[Opening GIVEN ENTRIES section]

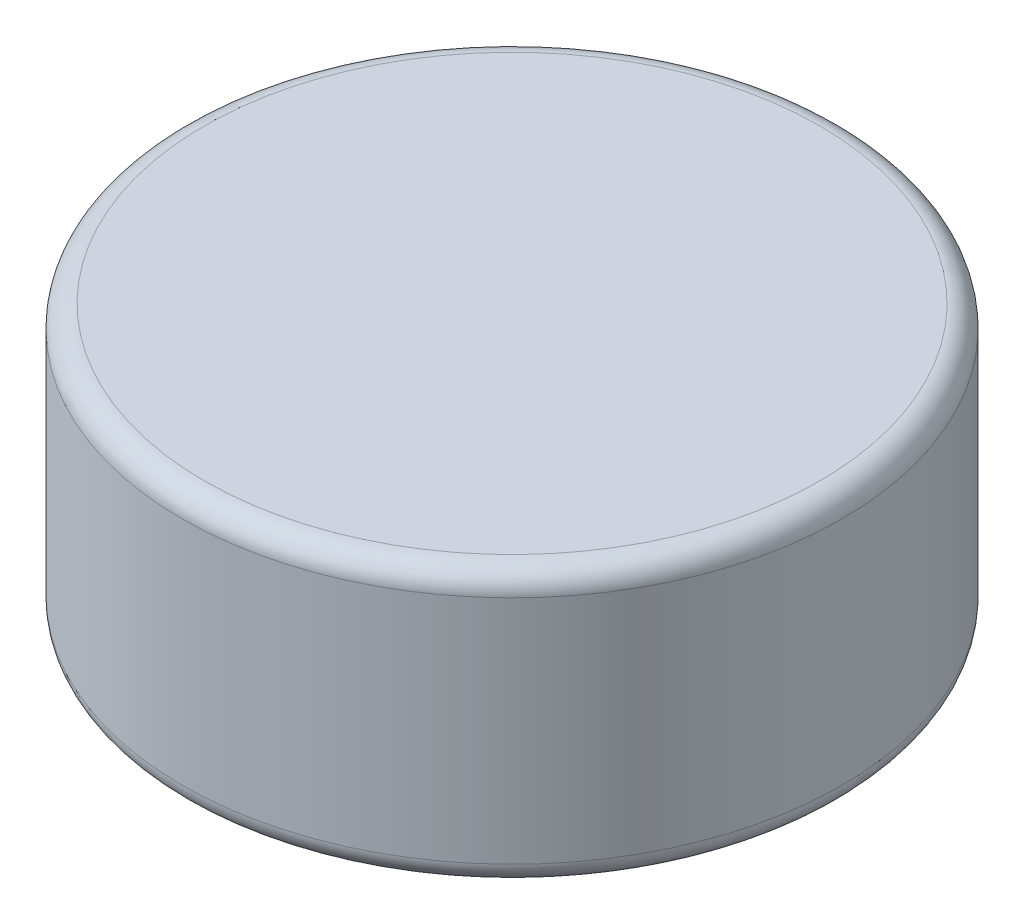
ISO-10303-21;
HEADER;
FILE_DESCRIPTION(('STEP AP214'),'2;1');
FILE_NAME('part.step','',(''),(''),'','','');
FILE_SCHEMA(('AUTOMOTIVE_DESIGN { 1 0 10303 214 1 1 1 1 }'));
ENDSEC;
DATA;
#1=APPLICATION_CONTEXT('core data for automotive mechanical design processes');
#2=APPLICATION_PROTOCOL_DEFINITION('international standard','automotive_design',2000,#1);
#3=PRODUCT_CONTEXT('',#1,'mechanical');
#4=PRODUCT('Part','Part','',(#3));
#5=PRODUCT_RELATED_PRODUCT_CATEGORY('part','',(#4));
#6=PRODUCT_DEFINITION_FORMATION('','',#4);
#7=PRODUCT_DEFINITION_CONTEXT('part definition',#1,'design');
#8=PRODUCT_DEFINITION('design','',#6,#7);
#9=PRODUCT_DEFINITION_SHAPE('','',#8);
#10=(LENGTH_UNIT() NAMED_UNIT(*) SI_UNIT(.MILLI.,.METRE.));
#11=(NAMED_UNIT(*) PLANE_ANGLE_UNIT() SI_UNIT($,.RADIAN.));
#12=(NAMED_UNIT(*) SI_UNIT($,.STERADIAN.) SOLID_ANGLE_UNIT());
#13=UNCERTAINTY_MEASURE_WITH_UNIT(LENGTH_MEASURE(1.E-05),#10,'distance_accuracy_value','');
#14=(GEOMETRIC_REPRESENTATION_CONTEXT(3) GLOBAL_UNCERTAINTY_ASSIGNED_CONTEXT((#13)) GLOBAL_UNIT_ASSIGNED_CONTEXT((#10,
#11,#12)) REPRESENTATION_CONTEXT('',''));
#15=CARTESIAN_POINT('',(0.,0.,0.));
#16=DIRECTION('',(0.,0.,1.));
#17=DIRECTION('',(1.,0.,0.));
#18=AXIS2_PLACEMENT_3D('',#15,#16,#17);
#19=CARTESIAN_POINT('',(0.,1.25,0.));
#20=DIRECTION('',(0.,-1.,0.));
#21=DIRECTION('',(0.,0.,-1.));
#22=AXIS2_PLACEMENT_3D('',#19,#20,#21);
#23=CYLINDRICAL_SURFACE('',#22,3.);
#24=CARTESIAN_POINT('',(0.,-1.05,0.));
#25=DIRECTION('',(0.,1.,0.));
#26=DIRECTION('',(0.,0.,1.));
#27=AXIS2_PLACEMENT_3D('',#24,#25,#26);
#28=CIRCLE('',#27,3.);
#29=CARTESIAN_POINT('',(0.,-1.05,3.));
#30=VERTEX_POINT('',#29);
#31=EDGE_CURVE('E43',#30,#30,#28,.T.);
#32=ORIENTED_EDGE('',*,*,#31,.T.);
#33=EDGE_LOOP('',(#32));
#34=FACE_BOUND('',#33,.T.);
#35=CARTESIAN_POINT('',(0.,1.05,0.));
#36=DIRECTION('',(0.,1.,0.));
#37=DIRECTION('',(0.,0.,1.));
#38=AXIS2_PLACEMENT_3D('',#35,#36,#37);
#39=CIRCLE('',#38,3.);
#40=CARTESIAN_POINT('',(0.,1.05,3.));
#41=VERTEX_POINT('',#40);
#42=EDGE_CURVE('E47',#41,#41,#39,.F.);
#43=ORIENTED_EDGE('',*,*,#42,.T.);
#44=EDGE_LOOP('',(#43));
#45=FACE_BOUND('',#44,.T.);
#46=ADVANCED_FACE('F32',(#34,#45),#23,.T.);
#47=CARTESIAN_POINT('',(0.,1.25,0.));
#48=DIRECTION('',(0.,1.,0.));
#49=DIRECTION('',(0.,0.,1.));
#50=AXIS2_PLACEMENT_3D('',#47,#48,#49);
#51=PLANE('',#50);
#52=CARTESIAN_POINT('',(0.,1.25,0.));
#53=DIRECTION('',(0.,1.,0.));
#54=DIRECTION('',(0.,0.,1.));
#55=AXIS2_PLACEMENT_3D('',#52,#53,#54);
#56=CIRCLE('',#55,2.8);
#57=CARTESIAN_POINT('',(0.,1.25,2.8));
#58=VERTEX_POINT('',#57);
#59=EDGE_CURVE('E10',#58,#58,#56,.T.);
#60=ORIENTED_EDGE('',*,*,#59,.T.);
#61=EDGE_LOOP('',(#60));
#62=FACE_BOUND('',#61,.T.);
#63=ADVANCED_FACE('F63',(#62),#51,.T.);
#64=CARTESIAN_POINT('',(0.,-1.25,0.));
#65=DIRECTION('',(0.,1.,0.));
#66=DIRECTION('',(0.,0.,1.));
#67=AXIS2_PLACEMENT_3D('',#64,#65,#66);
#68=PLANE('',#67);
#69=CARTESIAN_POINT('',(0.,-1.25,0.));
#70=DIRECTION('',(0.,1.,0.));
#71=DIRECTION('',(0.,0.,1.));
#72=AXIS2_PLACEMENT_3D('',#69,#70,#71);
#73=CIRCLE('',#72,2.8);
#74=CARTESIAN_POINT('',(0.,-1.25,2.8));
#75=VERTEX_POINT('',#74);
#76=EDGE_CURVE('E39',#75,#75,#73,.F.);
#77=ORIENTED_EDGE('',*,*,#76,.T.);
#78=EDGE_LOOP('',(#77));
#79=FACE_BOUND('',#78,.T.);
#80=ADVANCED_FACE('F60',(#79),#68,.F.);
#81=CARTESIAN_POINT('',(0.,-1.05,0.));
#82=DIRECTION('',(0.,1.,0.));
#83=DIRECTION('',(0.,0.,1.));
#84=AXIS2_PLACEMENT_3D('',#81,#82,#83);
#85=TOROIDAL_SURFACE('',#84,2.8,0.2);
#86=ORIENTED_EDGE('',*,*,#76,.F.);
#87=EDGE_LOOP('',(#86));
#88=FACE_BOUND('',#87,.T.);
#89=ORIENTED_EDGE('',*,*,#31,.F.);
#90=EDGE_LOOP('',(#89));
#91=FACE_BOUND('',#90,.T.);
#92=ADVANCED_FACE('F56',(#88,#91),#85,.T.);
#93=CARTESIAN_POINT('',(0.,1.05,0.));
#94=DIRECTION('',(0.,1.,0.));
#95=DIRECTION('',(0.,0.,1.));
#96=AXIS2_PLACEMENT_3D('',#93,#94,#95);
#97=TOROIDAL_SURFACE('',#96,2.8,0.2);
#98=ORIENTED_EDGE('',*,*,#42,.F.);
#99=EDGE_LOOP('',(#98));
#100=FACE_BOUND('',#99,.T.);
#101=ORIENTED_EDGE('',*,*,#59,.F.);
#102=EDGE_LOOP('',(#101));
#103=FACE_BOUND('',#102,.T.);
#104=ADVANCED_FACE('F34',(#100,#103),#97,.T.);
#105=CLOSED_SHELL('',(#46,#63,#80,#92,#104));
#106=MANIFOLD_SOLID_BREP('B2',#105);
#107=ADVANCED_BREP_SHAPE_REPRESENTATION('',(#18,#106),#14);
#108=SHAPE_DEFINITION_REPRESENTATION(#9,#107);
ENDSEC;
END-ISO-10303-21;

[Closing GIVEN ENTRIES section]

WORK TASK:
Your answer must be the lines from the one containing "#105=CLOSED_SHELL('',(#46,#63,#80,#92,#104));" through the last line of the entries, copied exactly, with no other lines.

SOLUTION TO THIS TASK:
#105=CLOSED_SHELL('',(#46,#63,#80,#92,#104));
#106=MANIFOLD_SOLID_BREP('B2',#105);
#107=ADVANCED_BREP_SHAPE_REPRESENTATION('',(#18,#106),#14);
#108=SHAPE_DEFINITION_REPRESENTATION(#9,#107);
ENDSEC;
END-ISO-10303-21;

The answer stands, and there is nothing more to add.